Depends on the topology you are using. For what its worth, after reading most, though not all of the thread, it strikes me that a lot of the confusion lies in what the symbol "=" actually means. I just wonder what those who doubt that 0.999...=1 consider equality to mean.
Anyone can easily prove that 1/9 is equal to 1.111111........ by working backwards: Q: What is 1 divided by 9, in decimal notation? A: By working this our through manual division (3rd grade math), you'll come with an answer 1.11111........ Therefore 1/9 = 1.111..... Therefore 0.9999..... = 1
[0,1[ was a typo actually. What does "half open" mean? Like [0,1)? That is neither open nor closed because the epison-neighborhood isn't a subset for all of x in the interval for [0,1) or [1,0)'. I call something likeAs far as I know... we have a definition for an open set. And if A' is open, then A is said to be closed. But yes I supposed you are correct... A subset R is said to be compact if every open cover of A has a finite subcover. R does not have to have a finite subcover. Is there anything we call R?
Yes, [0,1) is what I meant by 'half-open', I had meant to write [0,1) but apparently didn't, sorry. Sometimes what you wrote [0,1[ is used to mean the same the same thing as [0,1). You can call it a complete ordered field if you want, the complete ordered field if you like, it's unique up to isomorphism. ps. Human001's comment about the topology determining if a set is compact is exactly correct.
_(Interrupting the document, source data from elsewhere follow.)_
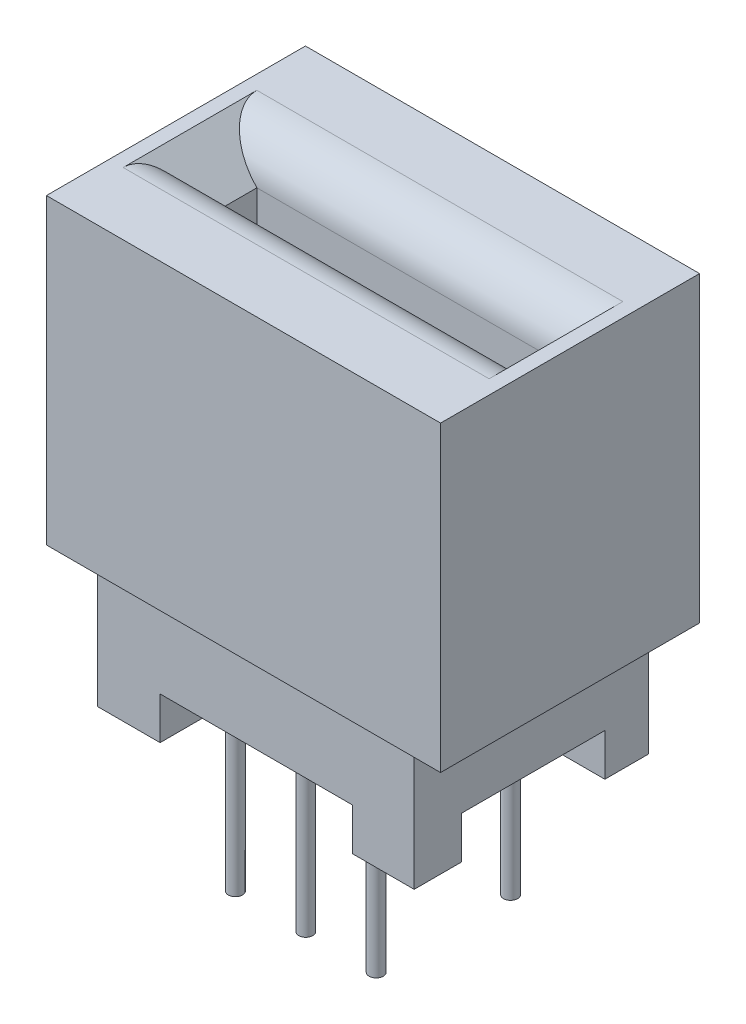
ISO-10303-21;
HEADER;
FILE_DESCRIPTION(('STEP AP214'),'2;1');
FILE_NAME('part.step','',(''),(''),'','','');
FILE_SCHEMA(('AUTOMOTIVE_DESIGN { 1 0 10303 214 1 1 1 1 }'));
ENDSEC;
DATA;
#1=APPLICATION_CONTEXT('core data for automotive mechanical design processes');
#2=APPLICATION_PROTOCOL_DEFINITION('international standard','automotive_design',2000,#1);
#3=PRODUCT_CONTEXT('',#1,'mechanical');
#4=PRODUCT('Part','Part','',(#3));
#5=PRODUCT_RELATED_PRODUCT_CATEGORY('part','',(#4));
#6=PRODUCT_DEFINITION_FORMATION('','',#4);
#7=PRODUCT_DEFINITION_CONTEXT('part definition',#1,'design');
#8=PRODUCT_DEFINITION('design','',#6,#7);
#9=PRODUCT_DEFINITION_SHAPE('','',#8);
#10=(LENGTH_UNIT() NAMED_UNIT(*) SI_UNIT(.MILLI.,.METRE.));
#11=(NAMED_UNIT(*) PLANE_ANGLE_UNIT() SI_UNIT($,.RADIAN.));
#12=(NAMED_UNIT(*) SI_UNIT($,.STERADIAN.) SOLID_ANGLE_UNIT());
#13=UNCERTAINTY_MEASURE_WITH_UNIT(LENGTH_MEASURE(1.E-05),#10,'distance_accuracy_value','');
#14=(GEOMETRIC_REPRESENTATION_CONTEXT(3) GLOBAL_UNCERTAINTY_ASSIGNED_CONTEXT((#13)) GLOBAL_UNIT_ASSIGNED_CONTEXT((#10,
#11,#12)) REPRESENTATION_CONTEXT('',''));
#15=CARTESIAN_POINT('',(0.,0.,0.));
#16=DIRECTION('',(0.,0.,1.));
#17=DIRECTION('',(1.,0.,0.));
#18=AXIS2_PLACEMENT_3D('',#15,#16,#17);
#19=CARTESIAN_POINT('',(-5.715,-13.97,-4.22910624853925));
#20=DIRECTION('',(0.,-1.,0.));
#21=DIRECTION('',(0.,0.,-1.));
#22=AXIS2_PLACEMENT_3D('',#19,#20,#21);
#23=PLANE('',#22);
#24=CARTESIAN_POINT('',(-2.54,-13.97,-2.4257));
#25=DIRECTION('',(0.,-1.,0.));
#26=DIRECTION('',(0.,0.,-1.));
#27=AXIS2_PLACEMENT_3D('',#24,#25,#26);
#28=CIRCLE('',#27,0.254);
#29=CARTESIAN_POINT('',(-2.54,-13.97,-2.6797));
#30=VERTEX_POINT('',#29);
#31=EDGE_CURVE('E246',#30,#30,#28,.T.);
#32=ORIENTED_EDGE('',*,*,#31,.F.);
#33=EDGE_LOOP('',(#32));
#34=FACE_BOUND('',#33,.T.);
#35=DIRECTION('',(-1.,0.,0.));
#36=VECTOR('',#35,1.);
#37=CARTESIAN_POINT('',(-5.715,-13.97,-2.65286698114892));
#38=LINE('',#37,#36);
#39=CARTESIAN_POINT('',(-3.45506017969269,-13.97,-2.65286698114892));
#40=VERTEX_POINT('',#39);
#41=CARTESIAN_POINT('',(-5.715,-13.97,-2.65286698114892));
#42=VERTEX_POINT('',#41);
#43=EDGE_CURVE('E257',#40,#42,#38,.T.);
#44=ORIENTED_EDGE('',*,*,#43,.F.);
#45=DIRECTION('',(0.,0.,1.));
#46=VECTOR('',#45,1.);
#47=CARTESIAN_POINT('',(-3.45506017969269,-13.97,-4.22910624853925));
#48=LINE('',#47,#46);
#49=CARTESIAN_POINT('',(-3.45506017969269,-13.97,-4.22910624853925));
#50=VERTEX_POINT('',#49);
#51=EDGE_CURVE('E250',#50,#40,#48,.T.);
#52=ORIENTED_EDGE('',*,*,#51,.F.);
#53=DIRECTION('',(1.,0.,0.));
#54=VECTOR('',#53,1.);
#55=CARTESIAN_POINT('',(-5.715,-13.97,-4.22910624853925));
#56=LINE('',#55,#54);
#57=CARTESIAN_POINT('',(3.48320730946616,-13.97,-4.22910624853925));
#58=VERTEX_POINT('',#57);
#59=EDGE_CURVE('E415',#50,#58,#56,.T.);
#60=ORIENTED_EDGE('',*,*,#59,.T.);
#61=DIRECTION('',(0.,0.,-1.));
#62=VECTOR('',#61,1.);
#63=CARTESIAN_POINT('',(3.48320730946616,-13.97,-4.22910624853925));
#64=LINE('',#63,#62);
#65=CARTESIAN_POINT('',(3.48320730946616,-13.97,-2.65286698114892));
#66=VERTEX_POINT('',#65);
#67=EDGE_CURVE('E281',#66,#58,#64,.T.);
#68=ORIENTED_EDGE('',*,*,#67,.F.);
#69=DIRECTION('',(-1.,0.,0.));
#70=VECTOR('',#69,1.);
#71=CARTESIAN_POINT('',(5.715,-13.97,-2.65286698114892));
#72=LINE('',#71,#70);
#73=CARTESIAN_POINT('',(5.715,-13.97,-2.65286698114892));
#74=VERTEX_POINT('',#73);
#75=EDGE_CURVE('E276',#74,#66,#72,.T.);
#76=ORIENTED_EDGE('',*,*,#75,.F.);
#77=DIRECTION('',(0.,0.,1.));
#78=VECTOR('',#77,1.);
#79=CARTESIAN_POINT('',(5.715,-13.97,4.22910624853925));
#80=LINE('',#79,#78);
#81=CARTESIAN_POINT('',(5.715,-13.97,2.52620489716843));
#82=VERTEX_POINT('',#81);
#83=EDGE_CURVE('E354',#74,#82,#80,.T.);
#84=ORIENTED_EDGE('',*,*,#83,.T.);
#85=DIRECTION('',(1.,0.,0.));
#86=VECTOR('',#85,1.);
#87=CARTESIAN_POINT('',(5.715,-13.97,2.52620489716843));
#88=LINE('',#87,#86);
#89=CARTESIAN_POINT('',(3.48320730946616,-13.97,2.52620489716843));
#90=VERTEX_POINT('',#89);
#91=EDGE_CURVE('E306',#90,#82,#88,.T.);
#92=ORIENTED_EDGE('',*,*,#91,.F.);
#93=DIRECTION('',(0.,0.,-1.));
#94=VECTOR('',#93,1.);
#95=CARTESIAN_POINT('',(3.48320730946616,-13.97,4.22910624853925));
#96=LINE('',#95,#94);
#97=CARTESIAN_POINT('',(3.48320730946616,-13.97,4.22910624853925));
#98=VERTEX_POINT('',#97);
#99=EDGE_CURVE('E301',#98,#90,#96,.T.);
#100=ORIENTED_EDGE('',*,*,#99,.F.);
#101=DIRECTION('',(-1.,0.,0.));
#102=VECTOR('',#101,1.);
#103=CARTESIAN_POINT('',(-5.715,-13.97,4.22910624853925));
#104=LINE('',#103,#102);
#105=CARTESIAN_POINT('',(-3.45506017969269,-13.97,4.22910624853925));
#106=VERTEX_POINT('',#105);
#107=EDGE_CURVE('E350',#98,#106,#104,.T.);
#108=ORIENTED_EDGE('',*,*,#107,.T.);
#109=DIRECTION('',(0.,0.,1.));
#110=VECTOR('',#109,1.);
#111=CARTESIAN_POINT('',(-3.45506017969269,-13.97,4.22910624853925));
#112=LINE('',#111,#110);
#113=CARTESIAN_POINT('',(-3.45506017969269,-13.97,2.52620489716843));
#114=VERTEX_POINT('',#113);
#115=EDGE_CURVE('E328',#114,#106,#112,.T.);
#116=ORIENTED_EDGE('',*,*,#115,.F.);
#117=DIRECTION('',(1.,0.,0.));
#118=VECTOR('',#117,1.);
#119=CARTESIAN_POINT('',(-5.715,-13.97,2.52620489716843));
#120=LINE('',#119,#118);
#121=CARTESIAN_POINT('',(-5.715,-13.97,2.52620489716843));
#122=VERTEX_POINT('',#121);
#123=EDGE_CURVE('E323',#122,#114,#120,.T.);
#124=ORIENTED_EDGE('',*,*,#123,.F.);
#125=DIRECTION('',(0.,0.,-1.));
#126=VECTOR('',#125,1.);
#127=CARTESIAN_POINT('',(-5.715,-13.97,4.22910624853925));
#128=LINE('',#127,#126);
#129=EDGE_CURVE('E372',#122,#42,#128,.T.);
#130=ORIENTED_EDGE('',*,*,#129,.T.);
#131=EDGE_LOOP('',(#44,#52,#60,#68,#76,#84,#92,#100,#108,#116,#124,#130));
#132=FACE_BOUND('',#131,.T.);
#133=CARTESIAN_POINT('',(0.,-13.97,-2.4257));
#134=DIRECTION('',(0.,-1.,0.));
#135=DIRECTION('',(0.,0.,-1.));
#136=AXIS2_PLACEMENT_3D('',#133,#134,#135);
#137=CIRCLE('',#136,0.254);
#138=CARTESIAN_POINT('',(0.,-13.97,-2.6797));
#139=VERTEX_POINT('',#138);
#140=EDGE_CURVE('E236',#139,#139,#137,.T.);
#141=ORIENTED_EDGE('',*,*,#140,.F.);
#142=EDGE_LOOP('',(#141));
#143=FACE_BOUND('',#142,.T.);
#144=CARTESIAN_POINT('',(2.54,-13.97,-2.4257));
#145=DIRECTION('',(0.,-1.,0.));
#146=DIRECTION('',(0.,0.,-1.));
#147=AXIS2_PLACEMENT_3D('',#144,#145,#146);
#148=CIRCLE('',#147,0.254);
#149=CARTESIAN_POINT('',(2.54,-13.97,-2.6797));
#150=VERTEX_POINT('',#149);
#151=EDGE_CURVE('E355',#150,#150,#148,.T.);
#152=ORIENTED_EDGE('',*,*,#151,.F.);
#153=EDGE_LOOP('',(#152));
#154=FACE_BOUND('',#153,.T.);
#155=CARTESIAN_POINT('',(-2.54,-13.97,2.4257));
#156=DIRECTION('',(0.,-1.,0.));
#157=DIRECTION('',(0.,0.,-1.));
#158=AXIS2_PLACEMENT_3D('',#155,#156,#157);
#159=CIRCLE('',#158,0.254);
#160=CARTESIAN_POINT('',(-2.54,-13.97,2.1717));
#161=VERTEX_POINT('',#160);
#162=EDGE_CURVE('E617',#161,#161,#159,.T.);
#163=ORIENTED_EDGE('',*,*,#162,.F.);
#164=EDGE_LOOP('',(#163));
#165=FACE_BOUND('',#164,.T.);
#166=CARTESIAN_POINT('',(0.,-13.97,2.4257));
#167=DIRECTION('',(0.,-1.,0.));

Usually a lazy person like me who doesn't specifiy which topology they are considering when talking about the reals is referring to the usual one that comes from the usual distance metric.
Is there a definition for "density?" By that I mean R is dense because for any a and b, we an find c such that a < c < b and c is in R. Q is dense for the same reason. Z is not.. because if you have 0 and 1, no C exists that is in Z for the condition.